I was wrong: the device is also using packed binary-decimal encoding, and only using 3 out of the 4 nibbles for that. So, looking at the full code, it only uses 12 out of 16 bits for the value, and then (2 out of) the remaining 4 bits for the sign:

```
temp = (bytes[8] & 0x0F) * 100;
temp += ((bytes[9] & 0xF0) >> 4 ) * 10;
temp += bytes[9] & 0x0F;
if( bytes[8] & 80)
temp /= -10;
else
temp /= 10;
```

Aside: this also implies that the temperature range is only -99.9 thru 99.9. What a weird encoding. (Two bytes could easily store a much larger range from -32,768 thru 32,767, and would need less magic to decode.)

Now, the decimal value 80 translates to the binary bit pattern `%01010000`

(whereas the hexadecimal 0x80 is binary `%10000000`

). In the manual, it says:

Temperature:

- 1. character indicates negative or positive temperature (0 – positive, 1 – negative)

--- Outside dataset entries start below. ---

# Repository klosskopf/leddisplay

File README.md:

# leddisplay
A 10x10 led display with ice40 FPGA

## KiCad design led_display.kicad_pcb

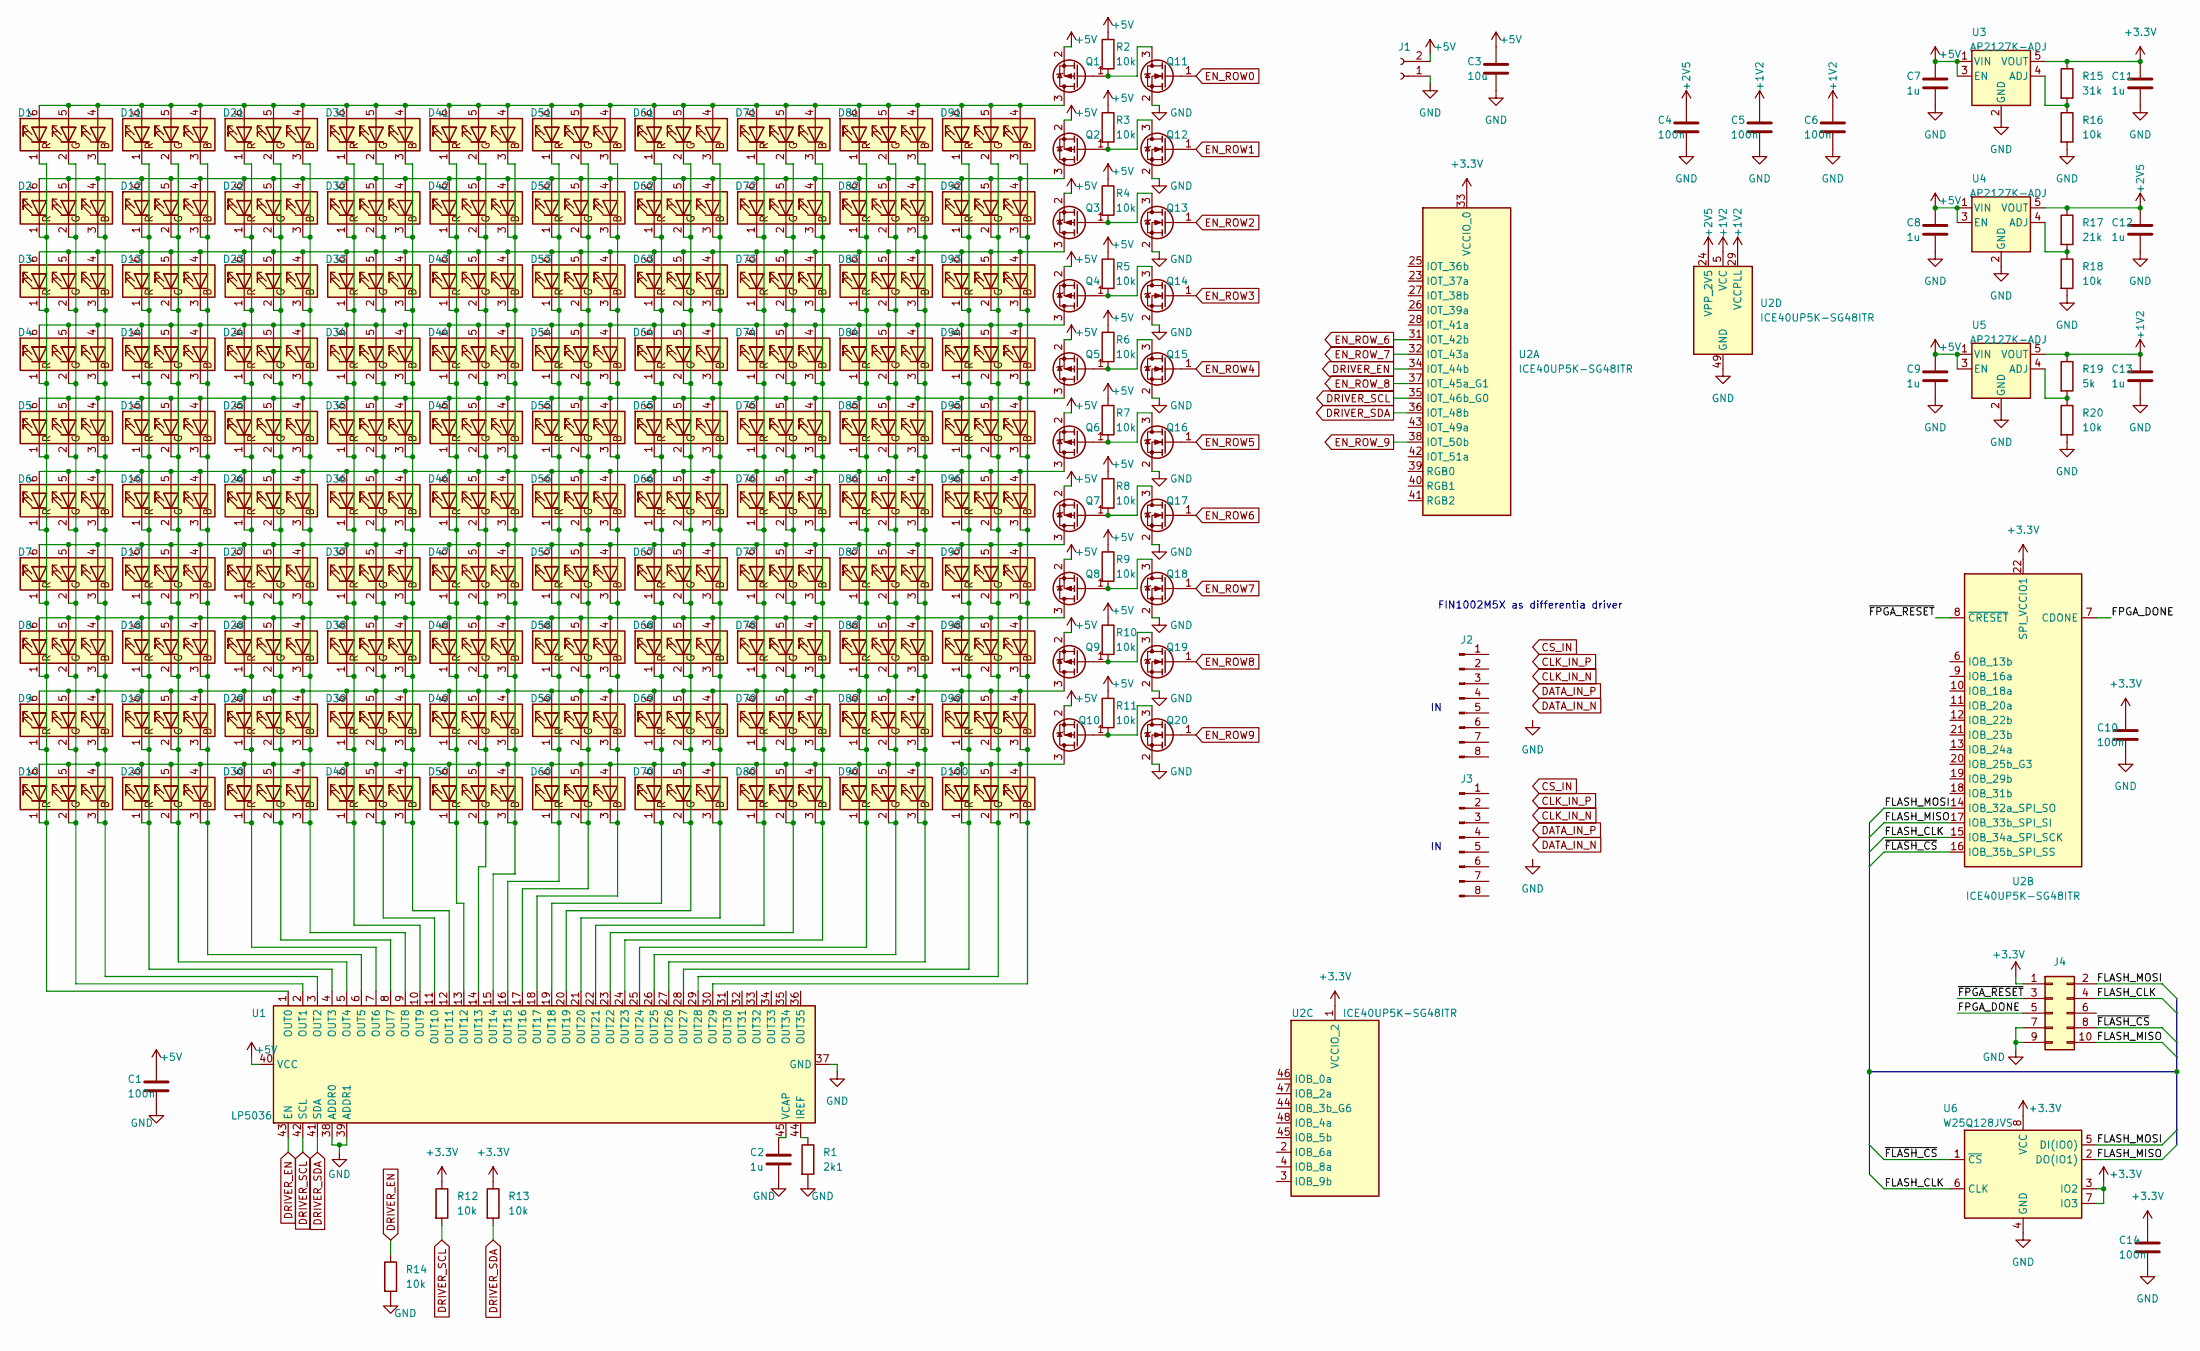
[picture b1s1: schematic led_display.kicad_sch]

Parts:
C1, C4, C5, C6, C10, C14: 100n; C_0603_1608Metric
C2, C7, C8, C9, C11, C12, C13: 1u; C_1206_3216Metric
C3: 10u; C_1206_3216Metric
D1, D2, D3, D4, D5, D6, D7, D8, D9, D10, D11, D12, D13, D14, D15, D16, D17, D18, D19, D20, D21, D22, D23, D24, D25, D26, D27, D28, D29, D30, D31, D32, D33, D34, D35, D36, D37, D38, D39, D40, D41, D42, D43, D44, D45, D46, D47, D48, D49, D50, D51, D52, D53, D54, D55, D56, D57, D58, D59, D60, D61, D62, D63, D64, D65, D66, D67, D68, D69, D70, D71, D72, D73, D74, D75, D76, D77, D78, D79, D80, D81, D82, D83, D84, D85, D86, D87, D88, D89, D90, D91, D92, D93, D94, D95, D96, D97, D98, D99, D100: LED_RGB; LED_RGB_5050-6
J1: Conn_01x02_Female; Molex_PicoBlade_53261-0271_1x02-1MP_P1.25mm_Horizontal
J2, J3: Conn_01x08_Male; Molex_PicoBlade_53261-0871_1x08-1MP_P1.25mm_Horizontal
J4: Conn_02x05_Odd_Even; PinHeader_2x05_P2.54mm_Vertical_SMD
Q1, Q2, Q3, Q4, Q5, Q6, Q7, Q8, Q9, Q10: Q_PMOS_GSD; SOT-23
Q11, Q12, Q13, Q14, Q15, Q16, Q17, Q18, Q19, Q20: Q_NMOS_GSD; SOT-23
R1: 2k1; R_0603_1608Metric
R2, R3, R4, R5, R6, R7, R8, R9, R10, R11, R12, R13, R14, R16, R18, R20: 10k; R_0603_1608Metric
R15: 31k; R_0603_1608Metric
R17: 21k; R_0603_1608Metric
R19: 5k; R_0603_1608Metric
U1: LP5036; VQFN-46-1EP_5x6mm_P0.4mm_EP2.8x3.8mm
U2: ICE40UP5K-SG48ITR; QFN-48-1EP_7x7mm_P0.5mm_EP5.6x5.6mm
U3, U4, U5: AP2127K-ADJ; SOT-23-5
U6: W25Q128JVS; SOIC-8_5.23x5.23mm_P1.27mm

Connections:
+1V2: C5.1, C6.1, C13.1, R19.1, U2.5 (VCC), U2.29 (VCCPLL), U2.30 (VCC), U5.5 (VOUT)
+2V5: C4.1, C12.1, R17.1, U2.24 (VPP_2V5), U4.5 (VOUT)
+3.3V: C10.1, C11.1, C14.1, J4.1, R12.1, R13.1, R15.1, U2.1 (VCCIO_2), U2.22 (SPI_VCCIO1), U2.33 (VCCIO_0), U3.5 (VOUT), U6.3 (IO2), U6.7 (IO3), U6.8 (VCC)
+5V: C1.1, C3.1, C7.1, C8.1, C9.1, J1.2, Q1.2 (S), Q2.2 (S), Q3.2 (S), Q4.2 (S), Q5.2 (S), Q6.2 (S), Q7.2 (S), Q8.2 (S), Q9.2 (S), Q10.2 (S), R2.1, R3.1, R4.1, R5.1, R6.1, R7.1, R8.1, R9.1, R10.1, R11.1, U1.40 (VCC), U3.1 (VIN), U3.3 (EN), U4.1 (VIN), U4.3 (EN), U5.1 (VIN), U5.3 (EN)
/FLASH_CLK: J4.4, U2.15 (IOB_34a_SPI_SCK), U6.6 (CLK)
/FLASH_MISO: J4.10, U2.17 (IOB_33b_SPI_SI), U6.2 (DO(IO1))
/FLASH_MOSI: J4.2, U2.14 (IOB_32a_SPI_SO), U6.5 (DI(IO0))
/FPGA_DONE: J4.5, U2.7 (CDONE)
/~FLASH_CS: J4.8, U2.16 (IOB_35b_SPI_SS), U6.1 (~CS)
/~FPGA_RESET: J4.3, U2.8 (~CRESET)
DRIVER_EN: R14.1, U1.43 (EN), U2.34 (IOT_44b)
DRIVER_SCL: R12.2, U1.42 (SCL), U2.35 (IOT_46b_G0)
DRIVER_SDA: R13.2, U1.41 (SDA), U2.36 (IOT_48b)
EN_ROW0: Q11.1 (G)
EN_ROW1: Q12.1 (G)
EN_ROW2: Q13.1 (G)
EN_ROW3: Q14.1 (G)
EN_ROW4: Q15.1 (G)
EN_ROW5: Q16.1 (G)
EN_ROW6: Q17.1 (G)
EN_ROW7: Q18.1 (G)
EN_ROW8: Q19.1 (G)
EN_ROW9: Q20.1 (G)
EN_ROW_6: U2.31 (IOT_42b)
EN_ROW_7: U2.32 (IOT_43a)
EN_ROW_8: U2.37 (IOT_45a_G1)
EN_ROW_9: U2.38 (IOT_50b)
GND: C1.2, C2.2, C3.2, C4.2, C5.2, C6.2, C7.2, C8.2, C9.2, C10.2, C11.2, C12.2, C13.2, C14.2, J1.1, J4.7, J4.9, Q11.2 (S), Q12.2 (S), Q13.2 (S), Q14.2 (S), Q15.2 (S), Q16.2 (S), Q17.2 (S), Q18.2 (S), Q19.2 (S), Q20.2 (S), R1.2, R14.2, R16.2, R18.2, R20.2, U1.37 (GND), U1.38 (ADDR0), U1.39 (ADDR1), U1.46 (GND), U1.47 (GND), U2.49 (GND), U3.2 (GND), U4.2 (GND), U5.2 (GND), U6.4 (GND)
unnamed: D1.4 (BA), D1.5 (GA), D1.6 (RA), D11.4 (BA), D11.5 (GA), D11.6 (RA), D21.4 (BA), D21.5 (GA), D21.6 (RA), D31.4 (BA), D31.5 (GA), D31.6 (RA), D41.4 (BA), D41.5 (GA), D41.6 (RA), D51.4 (BA), D51.5 (GA), D51.6 (RA), D61.4 (BA), D61.5 (GA), D61.6 (RA), D71.4 (BA), D71.5 (GA), D71.6 (RA), D81.4 (BA), D81.5 (GA), D81.6 (RA), D91.4 (BA), D91.5 (GA), D91.6 (RA), Q1.3 (D)
unnamed: D1.3 (BK), D2.3 (BK), D3.3 (BK), D4.3 (BK), D5.3 (BK), D6.3 (BK), D7.3 (BK), D8.3 (BK), D9.3 (BK), D10.3 (BK), U1.3 (OUT2)
unnamed: D1.2 (GK), D2.2 (GK), D3.2 (GK), D4.2 (GK), D5.2 (GK), D6.2 (GK), D7.2 (GK), D8.2 (GK), D9.2 (GK), D10.2 (GK), U1.2 (OUT1)
unnamed: D1.1 (RK), D2.1 (RK), D3.1 (RK), D4.1 (RK), D5.1 (RK), D6.1 (RK), D7.1 (RK), D8.1 (RK), D9.1 (RK), D10.1 (RK), U1.1 (OUT0)
unnamed: D10.4 (BA), D10.5 (GA), D10.6 (RA), D20.4 (BA), D20.5 (GA), D20.6 (RA), D30.4 (BA), D30.5 (GA), D30.6 (RA), D40.4 (BA), D40.5 (GA), D40.6 (RA), D50.4 (BA), D50.5 (GA), D50.6 (RA), D60.4 (BA), D60.5 (GA), D60.6 (RA), D70.4 (BA), D70.5 (GA), D70.6 (RA), D80.4 (BA), D80.5 (GA), D80.6 (RA), D90.4 (BA), D90.5 (GA), D90.6 (RA), D100.4 (BA), D100.5 (GA), D100.6 (RA), Q10.3 (D)
unnamed: D11.3 (BK), D12.3 (BK), D13.3 (BK), D14.3 (BK), D15.3 (BK), D16.3 (BK), D17.3 (BK), D18.3 (BK), D19.3 (BK), D20.3 (BK), U1.6 (OUT5)
unnamed: D11.2 (GK), D12.2 (GK), D13.2 (GK), D14.2 (GK), D15.2 (GK), D16.2 (GK), D17.2 (GK), D18.2 (GK), D19.2 (GK), D20.2 (GK), U1.5 (OUT4)
unnamed: D11.1 (RK), D12.1 (RK), D13.1 (RK), D14.1 (RK), D15.1 (RK), D16.1 (RK), D17.1 (RK), D18.1 (RK), D19.1 (RK), D20.1 (RK), U1.4 (OUT3)
unnamed: D2.4 (BA), D2.5 (GA), D2.6 (RA), D12.4 (BA), D12.5 (GA), D12.6 (RA), D22.4 (BA), D22.5 (GA), D22.6 (RA), D32.4 (BA), D32.5 (GA), D32.6 (RA), D42.4 (BA), D42.5 (GA), D42.6 (RA), D52.4 (BA), D52.5 (GA), D52.6 (RA), D62.4 (BA), D62.5 (GA), D62.6 (RA), D72.4 (BA), D72.5 (GA), D72.6 (RA), D82.4 (BA), D82.5 (GA), D82.6 (RA), D92.4 (BA), D92.5 (GA), D92.6 (RA), Q2.3 (D)
unnamed: D3.4 (BA), D3.5 (GA), D3.6 (RA), D13.4 (BA), D13.5 (GA), D13.6 (RA), D23.4 (BA), D23.5 (GA), D23.6 (RA), D33.4 (BA), D33.5 (GA), D33.6 (RA), D43.4 (BA), D43.5 (GA), D43.6 (RA), D53.4 (BA), D53.5 (GA), D53.6 (RA), D63.4 (BA), D63.5 (GA), D63.6 (RA), D73.4 (BA), D73.5 (GA), D73.6 (RA), D83.4 (BA), D83.5 (GA), D83.6 (RA), D93.4 (BA), D93.5 (GA), D93.6 (RA), Q3.3 (D)
unnamed: D4.4 (BA), D4.5 (GA), D4.6 (RA), D14.4 (BA), D14.5 (GA), D14.6 (RA), D24.4 (BA), D24.5 (GA), D24.6 (RA), D34.4 (BA), D34.5 (GA), D34.6 (RA), D44.4 (BA), D44.5 (GA), D44.6 (RA), D54.4 (BA), D54.5 (GA), D54.6 (RA), D64.4 (BA), D64.5 (GA), D64.6 (RA), D74.4 (BA), D74.5 (GA), D74.6 (RA), D84.4 (BA), D84.5 (GA), D84.6 (RA), D94.4 (BA), D94.5 (GA), D94.6 (RA), Q4.3 (D)
unnamed: D5.4 (BA), D5.5 (GA), D5.6 (RA), D15.4 (BA), D15.5 (GA), D15.6 (RA), D25.4 (BA), D25.5 (GA), D25.6 (RA), D35.4 (BA), D35.5 (GA), D35.6 (RA), D45.4 (BA), D45.5 (GA), D45.6 (RA), D55.4 (BA), D55.5 (GA), D55.6 (RA), D65.4 (BA), D65.5 (GA), D65.6 (RA), D75.4 (BA), D75.5 (GA), D75.6 (RA), D85.4 (BA), D85.5 (GA), D85.6 (RA), D95.4 (BA), D95.5 (GA), D95.6 (RA), Q5.3 (D)
unnamed: D6.4 (BA), D6.5 (GA), D6.6 (RA), D16.4 (BA), D16.5 (GA), D16.6 (RA), D26.4 (BA), D26.5 (GA), D26.6 (RA), D36.4 (BA), D36.5 (GA), D36.6 (RA), D46.4 (BA), D46.5 (GA), D46.6 (RA), D56.4 (BA), D56.5 (GA), D56.6 (RA), D66.4 (BA), D66.5 (GA), D66.6 (RA), D76.4 (BA), D76.5 (GA), D76.6 (RA), D86.4 (BA), D86.5 (GA), D86.6 (RA), D96.4 (BA), D96.5 (GA), D96.6 (RA), Q6.3 (D)
unnamed: D7.4 (BA), D7.5 (GA), D7.6 (RA), D17.4 (BA), D17.5 (GA), D17.6 (RA), D27.4 (BA), D27.5 (GA), D27.6 (RA), D37.4 (BA), D37.5 (GA), D37.6 (RA), D47.4 (BA), D47.5 (GA), D47.6 (RA), D57.4 (BA), D57.5 (GA), D57.6 (RA), D67.4 (BA), D67.5 (GA), D67.6 (RA), D77.4 (BA), D77.5 (GA), D77.6 (RA), D87.4 (BA), D87.5 (GA), D87.6 (RA), D97.4 (BA), D97.5 (GA), D97.6 (RA), Q7.3 (D)
unnamed: D8.4 (BA), D8.5 (GA), D8.6 (RA), D18.4 (BA), D18.5 (GA), D18.6 (RA), D28.4 (BA), D28.5 (GA), D28.6 (RA), D38.4 (BA), D38.5 (GA), D38.6 (RA), D48.4 (BA), D48.5 (GA), D48.6 (RA), D58.4 (BA), D58.5 (GA), D58.6 (RA), D68.4 (BA), D68.5 (GA), D68.6 (RA), D78.4 (BA), D78.5 (GA), D78.6 (RA), D88.4 (BA), D88.5 (GA), D88.6 (RA), D98.4 (BA), D98.5 (GA), D98.6 (RA), Q8.3 (D)
unnamed: D9.4 (BA), D9.5 (GA), D9.6 (RA), D19.4 (BA), D19.5 (GA), D19.6 (RA), D29.4 (BA), D29.5 (GA), D29.6 (RA), D39.4 (BA), D39.5 (GA), D39.6 (RA), D49.4 (BA), D49.5 (GA), D49.6 (RA), D59.4 (BA), D59.5 (GA), D59.6 (RA), D69.4 (BA), D69.5 (GA), D69.6 (RA), D79.4 (BA), D79.5 (GA), D79.6 (RA), D89.4 (BA), D89.5 (GA), D89.6 (RA), D99.4 (BA), D99.5 (GA), D99.6 (RA), Q9.3 (D)
unnamed: D21.3 (BK), D22.3 (BK), D23.3 (BK), D24.3 (BK), D25.3 (BK), D26.3 (BK), D27.3 (BK), D28.3 (BK), D29.3 (BK), D30.3 (BK), U1.9 (OUT8)
unnamed: D21.2 (GK), D22.2 (GK), D23.2 (GK), D24.2 (GK), D25.2 (GK), D26.2 (GK), D27.2 (GK), D28.2 (GK), D29.2 (GK), D30.2 (GK), U1.8 (OUT7)
unnamed: D21.1 (RK), D22.1 (RK), D23.1 (RK), D24.1 (RK), D25.1 (RK), D26.1 (RK), D27.1 (RK), D28.1 (RK), D29.1 (RK), D30.1 (RK), U1.7 (OUT6)
unnamed: D31.3 (BK), D32.3 (BK), D33.3 (BK), D34.3 (BK), D35.3 (BK), D36.3 (BK), D37.3 (BK), D38.3 (BK), D39.3 (BK), D40.3 (BK), U1.12 (OUT11)
unnamed: D31.2 (GK), D32.2 (GK), D33.2 (GK), D34.2 (GK), D35.2 (GK), D36.2 (GK), D37.2 (GK), D38.2 (GK), D39.2 (GK), D40.2 (GK), U1.11 (OUT10)
unnamed: D31.1 (RK), D32.1 (RK), D33.1 (RK), D34.1 (RK), D35.1 (RK), D36.1 (RK), D37.1 (RK), D38.1 (RK), D39.1 (RK), D40.1 (RK), U1.10 (OUT9)
unnamed: D41.3 (BK), D42.3 (BK), D43.3 (BK), D44.3 (BK), D45.3 (BK), D46.3 (BK), D47.3 (BK), D48.3 (BK), D49.3 (BK), D50.3 (BK), U1.15 (OUT14)
unnamed: D41.2 (GK), D42.2 (GK), D43.2 (GK), D44.2 (GK), D45.2 (GK), D46.2 (GK), D47.2 (GK), D48.2 (GK), D49.2 (GK), D50.2 (GK), U1.14 (OUT13)
unnamed: D41.1 (RK), D42.1 (RK), D43.1 (RK), D44.1 (RK), D45.1 (RK), D46.1 (RK), D47.1 (RK), D48.1 (RK), D49.1 (RK), D50.1 (RK), U1.13 (OUT12)
unnamed: D51.3 (BK), D52.3 (BK), D53.3 (BK), D54.3 (BK), D55.3 (BK), D56.3 (BK), D57.3 (BK), D58.3 (BK), D59.3 (BK), D60.3 (BK), U1.18 (OUT17)
unnamed: D51.2 (GK), D52.2 (GK), D53.2 (GK), D54.2 (GK), D55.2 (GK), D56.2 (GK), D57.2 (GK), D58.2 (GK), D59.2 (GK), D60.2 (GK), U1.17 (OUT16)
unnamed: D51.1 (RK), D52.1 (RK), D53.1 (RK), D54.1 (RK), D55.1 (RK), D56.1 (RK), D57.1 (RK), D58.1 (RK), D59.1 (RK), D60.1 (RK), U1.16 (OUT15)
unnamed: D61.3 (BK), D62.3 (BK), D63.3 (BK), D64.3 (BK), D65.3 (BK), D66.3 (BK), D67.3 (BK), D68.3 (BK), D69.3 (BK), D70.3 (BK), U1.21 (OUT20)
unnamed: D61.2 (GK), D62.2 (GK), D63.2 (GK), D64.2 (GK), D65.2 (GK), D66.2 (GK), D67.2 (GK), D68.2 (GK), D69.2 (GK), D70.2 (GK), U1.20 (OUT19)
unnamed: D61.1 (RK), D62.1 (RK), D63.1 (RK), D64.1 (RK), D65.1 (RK), D66.1 (RK), D67.1 (RK), D68.1 (RK), D69.1 (RK), D70.1 (RK), U1.19 (OUT18)
unnamed: D71.3 (BK), D72.3 (BK), D73.3 (BK), D74.3 (BK), D75.3 (BK), D76.3 (BK), D77.3 (BK), D78.3 (BK), D79.3 (BK), D80.3 (BK), U1.24 (OUT23)
unnamed: D71.2 (GK), D72.2 (GK), D73.2 (GK), D74.2 (GK), D75.2 (GK), D76.2 (GK), D77.2 (GK), D78.2 (GK), D79.2 (GK), D80.2 (GK), U1.23 (OUT22)
unnamed: D71.1 (RK), D72.1 (RK), D73.1 (RK), D74.1 (RK), D75.1 (RK), D76.1 (RK), D77.1 (RK), D78.1 (RK), D79.1 (RK), D80.1 (RK), U1.22 (OUT21)
unnamed: D81.3 (BK), D82.3 (BK), D83.3 (BK), D84.3 (BK), D85.3 (BK), D86.3 (BK), D87.3 (BK), D88.3 (BK), D89.3 (BK), D90.3 (BK), U1.27 (OUT26)
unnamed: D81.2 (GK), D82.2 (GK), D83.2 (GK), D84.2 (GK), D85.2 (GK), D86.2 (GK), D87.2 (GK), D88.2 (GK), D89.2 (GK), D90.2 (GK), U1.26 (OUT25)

- 2. and 3. character is integer part of temperature

- 4. character is fractional part of temperature

So, it seems only the rightmost bit of those 4 leftmost bits matters. (Binary `%00010000`

, or decimal 16, or hexadecimal 0x10.) Indeed, “a character” 1 matches one of the two bits in the decimal value 80, not caring about the other bit.

Still: it smells that the bit pattern has 2 ones! (And that a *decimal* constant is used, while *hexadecimal* constants are used for all other bitwise operators in that example.) So don’t just test for negative temperatures; bugs like this would especially affect *positive* values that erroneously happen to match that bit pattern.

In short: I guess it will work as expected, though I would have used the more strict and less confusing bit pattern 0x10 (also reserving the other 3 bits for future use).